The show uses its score with admirable restraint for a comedy. It's a fairly simple and understated affair, most noticeable when giving a musical wink during the show's more parodic stretches or during the serious episodes, where its gentleness works in tandem with Oonuma's surprisingly restrained atmosphere of melancholy nostalgia.
This is the kind of show where fast and loose can be a virtue, and Funimation obliges. Their script plays liberally with the characters' banter, giving the English a slightly different sense of humor than the original. It's something of a cruder sense of humor, and while certainly pretty funny, it makes Yoshii and Yuji in particular more vulgar kinds of characters. Which in turn makes the serious episodes, where they show their good sides, a little harder to swallow. A slight slackness in the cast's emoting doesn't help.

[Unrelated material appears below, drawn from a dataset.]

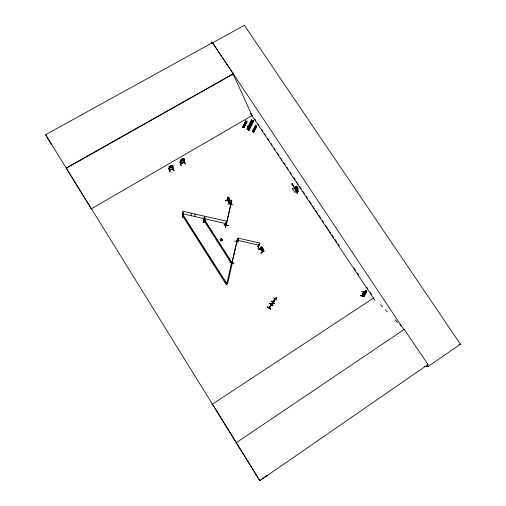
<?xml version="1.0" encoding="UTF-8"?>
<svg xmlns="http://www.w3.org/2000/svg" width="506" height="506" viewBox="0 0 506 506"><rect width="100%" height="100%" fill="white"/><g stroke="black" fill="none" stroke-linecap="round" stroke-linejoin="round"><path stroke-width="0.76" d="M194.911 216.581L194.918 214.006M226.397 224.696L226.144 225.012L231.799 200.079L230.983 204.728M362.46 295.858L365.231 294.593L366.186 290.678M362.479 295.865L363.321 292.076M362.625 295.687L362.568 296.004L365.275 294.334L362.72 295.555M363.46 292.171L363.213 292.512M363.555 292.152L362.581 295.966M295.238 188.283L297.294 190.186M255.22 128.581L254.771 128.214L255.214 128.613M251.09 124.16L250.571 124.628L250.255 123.995M245.41 123.521L245.271 123.964L244.898 123.761M211.533 43.434L211.609 41.897M403.845 329.577L212.482 42.668L45.584 134.722L51.384 144.229M243.399 124.805L243.215 126.601L244.012 126.974L244.708 125.577M203.817 222.216L204.392 219.623M182.887 215.252L183.305 215.581L183.121 212.868C181.901 213.532 184.304 220.648 182.641 211.179L204.468 216.201C205.069 220.04 203.33 222.545 204.007 217.669L204.342 217.89L204.007 217.669M203.962 222.216L204.222 220.154L203.842 220.129L204.139 220.319M204.898 220.325L204.177 220.983L204.854 220.572L205.025 217.827L204.626 217.884L205.025 217.827M204.785 220.369L231.691 262.487L204.854 220.572M247.896 126.614L247.719 128.619L248.914 129.182L249.597 127.411A1.335 0.474 27 0 0 249.743 126.734A1.335 0.474 27 0 0 248.041 125.937A1.335 0.474 27 0 0 247.896 126.614L247.864 126.683A1.335 0.474 27 0 1 248.003 126.007A1.335 0.474 27 0 1 249.711 126.81A1.335 0.474 27 0 1 249.559 127.48M231.059 204.392L230.932 204.86M365.92 291.962L365.971 291.361L364.927 292.462L364.737 294.195L365.958 293.012M233.032 75.489L233.247 73.775L212.482 42.668M269.331 307.604L270.501 306.446L268.945 307.844L272.595 303.379L271.222 304.846M361.486 291.513L365.402 292.449M184.342 162.236L180.56 163.558L181.021 163.71M169.706 170.048C168.934 170.471 169.314 169.674 173.084 168.745M221.211 240.54L221.312 239.249L221.982 239.566L221.881 240.274L221.211 240.54L220.584 239.73L221.033 239.167L221.755 239.268M228.541 199.124L225.695 200.844M227.339 199.832L227.89 196.992L228.187 197.226M227.498 200.231L227.997 197.087L227.453 199.838L229.597 203.146L229.952 200.104M227.536 200.275L227.365 199.99M295.219 188.365C295.586 189.276 296.073 188.839 294.909 187.758C294.935 190.022 300.273 192.995 297.167 190.3M228.674 197.96L228.737 197.612L229.465 198.725L229.547 200.382L228.149 198.232L228.276 197.587L228.655 198.029L228.737 197.612M228.832 197.928L229.269 198.599M227.877 204.209L231.293 202.153M243.209 126.405L244.215 126.873M244.347 124.697L243.639 124.501L243.31 125.26M243.304 126.842L243.588 127.341L243.278 126.892M229.395 199.073L229.401 198.725M244.721 123.148L245.916 123.673M244.442 124.818L244.512 125.387M244.986 122.604L246.188 123.129M228.99 203.943L232.943 204.829M245.296 121.99L246.492 122.515M229.262 202.881L229.832 200.174L230.148 200.408M245.499 121.579L246.694 122.104M245.884 121.048L242.703 127.006L245.808 120.934L247.08 121.598L244.075 127.645L243.664 127.449L246.656 121.408L247.061 121.598L243.981 127.582M229.465 203.248L227.592 200.212M230.072 200.275L229.458 203.216M225.859 222.621L226.226 222.703L225.859 222.621L225.372 225.221M225.758 224.993L225.436 224.917M225.353 227.086L226.391 223.291L225.537 227.175M225.347 225.119L225.701 225.246L226.53 221.198L204.759 216.195L204.456 220.407L204.905 220.236L204.494 220.42M226.865 222.273L226.302 224.955M234.626 241.217L238.661 241.906M296.649 188.036L295.997 188.605L295.504 187.865L296.529 186.17L295.061 187.954L296.155 187.296L296.649 188.036L295.624 189.864L295.238 189.775L296.636 187.745L298.034 188.434L296.529 186.17L295.213 188.181L295.997 188.605L297.528 187.669M295.624 189.864L295.7 189.497M295.238 189.775L296.257 187.656L296.636 187.745L296.56 188.118L295.061 187.954L296.636 187.745M230.919 204.905L231.584 201.799M253.468 121.079L248.977 130.131L253.493 121.079L251.596 120.08L247.257 129.201M237.131 241.666L238.193 238.111L259.983 243.101L258.345 246.479L257.952 246.416L258.414 246.352M257.99 248.383L258.876 244.474M258.205 248.427L259.034 244.512M258.99 244.316L259.388 244.259L258.022 246.428M248.414 129.194C248.642 130.055 247.314 129.428 247.864 128.941L248.414 129.194L247.826 129.017M249.964 123.394L251.76 124.185M248.769 129.909L249.022 130.143M250.375 122.578L252.165 123.369M229.806 262.506L233.835 263.373M232.482 260.47L231.805 262.671L232.627 260.501M236.681 241.963L236.719 241.691M236.65 243.449L237.295 239.528M237.352 239.559L236.46 242.083M236.542 241.691L237.472 239.566L236.587 243.475M237.162 241.564L237.497 241.704L238.168 239.395L237.807 239.319L238.168 239.395M228.155 225.701L224.171 224.809M224.202 224.67L228.206 225.461L224.164 224.835M251.128 121.048L252.924 121.838M230.983 204.835L231.059 204.468M247.187 129.302L251.596 120.08L253.367 120.966L248.788 130.042L253.373 120.921M226.201 223.203L225.322 227.131L226.245 223.26M230.793 204.835L230.818 204.519M229.844 262.336L233.892 263.139M226.764 283.917L231.584 262.595L232.362 262.772L227.548 284.094L226.081 284.34L182.343 215.524L183.027 215.12L226.777 283.866L183.033 215.202L182.343 215.524M232.305 261.589L237.086 240.42M222.57 240.072C218.75 243.791 220.338 235.201 222.57 240.078M226.448 223.551L231.217 202.843M203.848 220.04L204.215 220.243M203.937 222.216L204.582 219.598M204.759 219.079L203.766 222.185M252.741 131.75L252.633 131.762M183.121 212.868L182.723 212.918M183.336 213.475L182.413 217.352L182.976 214.07M183.28 215.322L182.982 215.322M253.044 131.136L254.132 131.686M253 129.827L253.632 129.207M364.415 296.573L360.544 295.441M363.352 292.095L362.385 295.997M365.136 294.296L365.187 294.694M363.226 292.468L366.116 290.792L363.308 292.405M253.519 131.75L253.089 131.851L253.487 131.807M254.537 127.873L255.739 128.397M254.809 127.329L256.011 127.854M253.746 132.224L252.532 131.737L255.619 125.659L256.89 126.323L253.664 132.268M253.772 129.27L254.524 130.276M255.113 126.715L256.308 127.24M255.619 125.659L252.69 131.813L255.612 125.69L255.922 125.88L253.942 129.915M365.667 293.189L365.421 294.062M365.964 291.975L366.161 291.02M366.002 293.063L366.281 291.741L365.667 293.227M295.504 187.865L296.491 186.246L297.996 188.51L295.213 188.181L298.034 188.434M365.294 291.133C364.143 291.469 364.421 295.751 364.099 294.694M262.45 251.672L262.412 252.127M262.494 252.178L260.419 248.674M260.577 249.104L260.236 248.756M236.656 241.963L237.769 238.218L231.982 262.671M237.124 241.375L237.529 241.564L237.2 241.387M231.584 262.595L232.362 262.772M360.449 295.668L364.377 296.769M227.377 199.845L229.439 203.108M227.498 199.737L227.725 200.091M226.081 284.34L226.777 283.866M183.956 162.369L184.355 162.496L180.61 163.824L180.389 160.351L180.787 160.351L180.927 163.552M184.342 162.388L180.604 163.546M173.16 168.84L169.497 170.206M173.153 168.928L172.888 169.023M226.321 225.05L226.391 224.563M363.403 292.07L366.173 290.722M254.328 130.548L253.854 131.712L253.057 131.339L253.063 129.618M272.785 302.133L274.385 300.741L272.816 302.183M269.293 307.629L269.065 307.926L270.501 306.446M271.153 304.903L272.551 303.22L270.71 305.7M220.863 240.394L221.407 239.123M231.995 262.601L232.058 262.234M273.702 301.323L275.96 297.926M297.345 193.241L296.459 191.711L296.541 192.482L297.345 193.216L294.675 187.897L296.396 191.755L295.181 188.681M269.938 306.699L269.837 307.009L271.083 305.409M258.383 246.403L257.946 246.39L259.021 244.183M258.028 246.251L258.452 246.277M258.357 246.511L259.388 244.259M253.455 129.65L253.139 129.625M253.867 129.859L255.682 125.766M253.31 131.845L253.354 131.465M256.884 126.323L256.472 126.127L253.512 132.199M253.607 132.218L256.574 126.133M253.677 132.268L256.662 126.215M248.769 130.036L246.96 129.194L251.583 120.131M247.225 129.315L251.476 120.15M248.269 128.088L247.307 129.359L251.931 120.295L248.952 126.69M247.345 129.372L248.142 127.961L247.447 129.384M248.724 126.582L251.805 120.308M248.844 126.608L251.925 120.32M248.389 128.669L247.959 129.232M248.44 129.878L253.019 120.795L248.522 129.884M242.728 127.025L245.808 120.934M242.709 127.012L243.601 125.773M244.297 124.444L246.03 121.073L242.931 127.114M246.03 121.073L243.12 127.202M243.645 126.816L243.386 126.924M243.898 127.563L246.757 121.408L243.848 127.537M261.659 246.953L261.324 246.688L260.236 248.889M263.613 250.059L261.393 246.719L260.426 248.718M260.381 249.135L261.653 246.928M294.372 187.391L294.884 188.302L292.525 184.652M261.937 247.636L258.452 249.679L261.387 248.041M292.468 188.852L296.061 186.657L298.426 190.237L294.84 192.425L292.474 188.839M262.203 250.16L262.038 250.426L261.279 249.319L261.735 247.289L262.159 247.763M262.171 247.693L263.209 249.464L262.956 249.926L261.76 248.522L262.475 249.566L262.013 250.381M261.494 249.464L261.95 250.135M262.393 247.744L262.854 248.414M292.487 184.658L294.878 188.365L294.422 187.315M260.868 253.24L264.258 250.995L260.9 253.278M296.155 187.296L296.51 188.295M296.339 187.359L296.99 186.784L297.484 187.524L296.832 188.093L296.339 187.359L297.035 186.929M262.31 251.811L263.455 249.762L262.595 252.045M263.095 250.426L262.355 251.722M263.303 250.508L262.949 251.166L260.698 247.87M262.45 252.058L263.626 250.002M229.654 203.064L229.439 202.748M274.461 300.134L274.201 300.57L274.935 299.672M270.59 305.814L270.33 306.263L271.235 305.263M271.766 304.321L272.101 303.802M275.65 298.616L275.985 298.104M276.871 300.026L273.436 297.692M269.641 303.265L273.057 305.643L269.654 303.252M251.052 124.368L250.578 124.59M269.021 307.718L271.286 304.435L269.015 307.768M272.797 302.19L275.125 298.793M274.385 300.741C270.223 305.618 275.871 297.711 275.606 298.723M269.951 306.756L272.513 303.195L272.361 303.53M274.265 300.659L274.176 301.051M275.036 299.21L276.434 297.528L274.125 300.912L276.466 297.686L274.967 299.299M270.59 309.261L267.294 306.699L270.596 309.255M274.41 303.638L271.127 301.083L274.429 303.619M267.301 306.699L270.735 309.058M274.511 303.499L271.127 301.083M169.118 166.816L169.655 168.207L172.597 167.113L172.881 165.468L171.553 165.804L171.509 165.392M172.609 167.157L173.001 166.6M184.298 160.035L180.946 161.642L180.534 161.37L180.977 161.616M275.175 299.084L275.681 298.395M271.311 304.757L271.817 304.074M271.741 304.138L272.139 303.619M220.635 240.097L221.299 239.363M274.998 299.28L276.466 297.686M272.917 302.31L273.196 301.886M274.587 300.007L275.194 299.35M271.039 304.738L272.38 303.689M271.361 304.561L272.595 303.379M244.942 123.515L245.461 123.679M45.584 134.722L259.818 480.7L428.013 364.529L404.218 329.33M424.547 366.54L428.386 366.344L460.416 344.2L244.392 25.3L212.469 42.909M248.326 128.941L248.104 129.049M259.73 480.573L267.44 475.324M259.818 480.7L236.334 442.68L404.471 329.267M253.329 131.807L253.519 131.421M212.033 404.402L373.858 297.857M263.24 249.907L263.367 250.521L261.077 247.168M261.406 249.072L261.381 247.965L262.854 250.128L262.608 250.584L262.184 250.109M261.279 249.319L262.07 250.407M263.651 250.034L263.335 249.837M261.393 246.719L261.482 247.105M260.982 247.371L261.109 247.984M262.937 248.819L262.304 247.44L261.868 248.32L262.576 249.369L262.823 248.901L262.114 247.851M292.544 184.532C293.885 183.861 291.292 185.322 292.626 184.665M231.71 262.431L231.014 262.905L204.184 220.907M294.973 188.137L295.169 188.846L295.004 188.087M297.161 190.357L295.346 188.453M295.251 188.51L297.395 190.775M295.087 188.738L296.788 191.882M220.584 239.73L221.293 239.306M173.216 169.017L172.837 165.487M184.38 162.515L184.228 158.871L182.919 159.2L182.944 158.751L181.679 159.2L181.717 159.662M230.059 200.332L227.997 197.087M229.56 201.205L229.914 201.224L227.751 197.897L227.877 198.605M228.073 197.466L227.706 200.015M228.421 199.016L225.689 200.901M228.529 199.117L225.67 200.863M229.427 198.75L228.699 197.631M170.383 166.265L169.763 166.626L169.852 167.385L172.299 166.512L172.217 165.753L171.572 165.848L171.553 165.367L170.282 165.816L170.326 166.227M182.957 158.789L181.692 159.238L181.186 160.8L181.831 160.908L183.615 159.934L183.577 159.156L182.963 159.169M233.247 73.775L66.159 168.049L91.282 208.845L252.399 115.412M91.314 208.896L91.706 208.662M253.474 131.484L253.342 131.535M66.261 168.207L233.222 73.996L252.039 115.621L250.723 113.654M366.3 291.804L365.193 292.329L364.896 293.543L365.515 293.233M366.148 292.038L365.958 292.822M181.11 165.633L179.858 161.888L181.306 165.57M168.637 168.46L170.111 172.091L168.681 168.384M362.65 295.649L364.611 294.656M250.394 123.875L251.052 124.09M254.448 130.586L254.55 130.232M171.566 165.405L170.282 165.816M170.37 166.227L169.074 166.822L169.428 166.955L169.782 170.25M169.377 166.822L169.029 166.948L169.478 170.351M172.464 165.728L172.862 165.734L172.514 165.854L172.85 169.01M183.842 160.535L185.297 164.153L183.653 160.541M169.466 170.32L173.216 168.865M172.489 167.1L174.121 170.655M181.743 159.618L180.465 160.257L184.228 158.871M183.804 159.137L184.203 159.143L183.855 159.263L184.013 162.616M180.787 160.351L180.389 160.351M220.73 239.389L221.312 239.249M173.919 170.661L172.483 167.031M180.667 163.843L180.49 160.206M458.929 344.39L460.416 344.2M221.033 239.167L221.362 239.211M229.547 201.167L229.888 201.186M237.504 240.312L258.958 245.227M204.595 218.731L226.03 223.658M182.824 213.804L204.31 218.737M248.174 128.764L248.237 129.144M243.848 124.489L244.246 124.678M261.039 247.194L263.228 249.951M247.757 128.549L248.946 129.112M243.241 126.557L244.037 126.93M242.836 126.842L243.993 127.569M297.275 190.237L298.142 191.787L297.3 190.832M221.514 239.275L221.982 239.566M261.324 246.688L261.621 246.979L260.584 249.053M380.36 304.599L382.53 306.845M385.243 309.659L387.413 311.905M395.003 319.773L397.716 322.581M399.879 324.833L400.967 325.953M296.693 191.938L297.338 193.102M296.174 188.03L295.612 187.435M221.52 239.338L222.026 239.933M261.52 248.99L262.228 250.027M261.121 247.94L263.291 250.698L261.083 247.965M427.07 364.371L428.386 366.344M255.024 119.353L255.897 120.662M258.079 123.945L258.952 125.254M261.577 129.194L262.886 131.162M264.632 133.786L265.947 135.76M267.693 138.385L269.002 140.352M271.191 143.634L272.064 144.944M274.246 148.226L275.119 149.536M277.307 152.818L279.053 155.443M280.798 158.068L282.108 160.041M283.86 162.666L285.169 164.633M286.915 167.258L288.224 169.225M290.412 172.508L291.285 173.824M293.467 177.1L295.219 179.725M296.529 181.698L298.274 184.323M299.584 186.29L301.336 188.915M303.081 191.54L304.391 193.507M306.136 196.132L307.452 198.105M309.198 200.73L311.38 204.007M312.689 205.98L314.441 208.605M315.75 210.572L317.496 213.197M318.805 215.164L320.557 217.789M322.303 220.414L323.612 222.387M325.364 225.012L327.546 228.288M328.419 229.604L330.601 232.886M331.917 234.854L333.663 237.478M334.972 239.446L336.718 242.07M338.033 244.044L339.343 246.011M354.194 268.325L355.509 270.293M357.255 272.917L358.564 274.885M366.869 287.357L367.742 288.667M370.36 292.607L371.67 294.574M250.603 113.572L374.946 300.381M296.478 187.094L296.971 187.84M295.643 187.606L296.136 188.346M236.334 442.68L212.431 404.136M221.501 239.389L221.881 240.274M172.413 165.481L169.459 166.531M221.451 239.427L221.584 240.495M170.56 165.848L171.319 165.582M180.737 160.225L180.971 163.742M191.167 213.14L191.217 215.733M291.677 184.114L292.512 183.577L291.677 184.114M228.636 198.143L228.51 198.788L229.186 199.826L229.307 199.187L228.636 198.143M244.417 123.723L245.606 124.318L244.417 123.723M247.617 128.018L249.35 129.106L247.617 128.018M249.521 124.267L251.299 125.153L249.521 124.267M250.837 121.611L252.608 122.496L250.837 121.611M254.246 128.454L255.429 129.043L254.246 128.454M255.321 126.272L256.504 126.861L255.321 126.272M365.832 290.823L364.877 294.732L365.819 290.823M171.585 165.981L170.402 166.398L170.484 167.157L171.667 166.74L171.585 165.981M182.71 158.966L181.958 159.371L182.71 158.966M182.944 159.377L181.768 159.795L181.812 160.573L182.982 160.162L182.944 159.377M262.469 250.476L261.185 248.591L261.817 249.028L261.469 248.041L262.785 249.926L262.127 249.496L262.469 250.476"/></g></svg>

Don't dismiss it out of hand, but don't expect to be won over if you aren't already in the dub camp.
Funimation stacks up the extras with this set, providing a full roster of promos and commercials and clean OPs and EDs and two commentaries, for episode 3 with writer Jamie Marchi and actress Brina Palencia (Hideyoshi) and for episode 13 with engineers Kevin Leasure and Stephen Hoff. The real meat, though, is in the nine fairly substantial omake based on the Baka to Test to Shōkanjū Spinout! Sore ga Bokura no Nichijō. manga. Though, to be honest, they're not really very entertaining. Mostly they just demonstrate how dismal the show proper could be without the clean art of Silver Link and the lively direction of Oonuma.
Don't let the positive tenor of this review fool you. This season shares a lot of the first's shortcomings. Even if Minami and Shouko improve over the course of these episodes, the female cast is still weak. Especially Himeji, who remains flat and uninterestingly perfect despite the show's best attempts to spice her up—with drunken rampages, cutesy insecurities and other ineffectual quirks of behavior. The show at large is also lightweight, disorganized, and heavily dependent on clichés. That's part of its charm though; a shaggy imperfection, a winning disregard for depth and quality. It doesn't mind being stupid, as long as we all have a grand old time being idiots.
Overall (dub) : B-
Overall (sub) : B
Story : C+
Animation : B+
Art : B+
Music : B
+ Still scads of fun; stronger characterization and even a genuine feeling or two.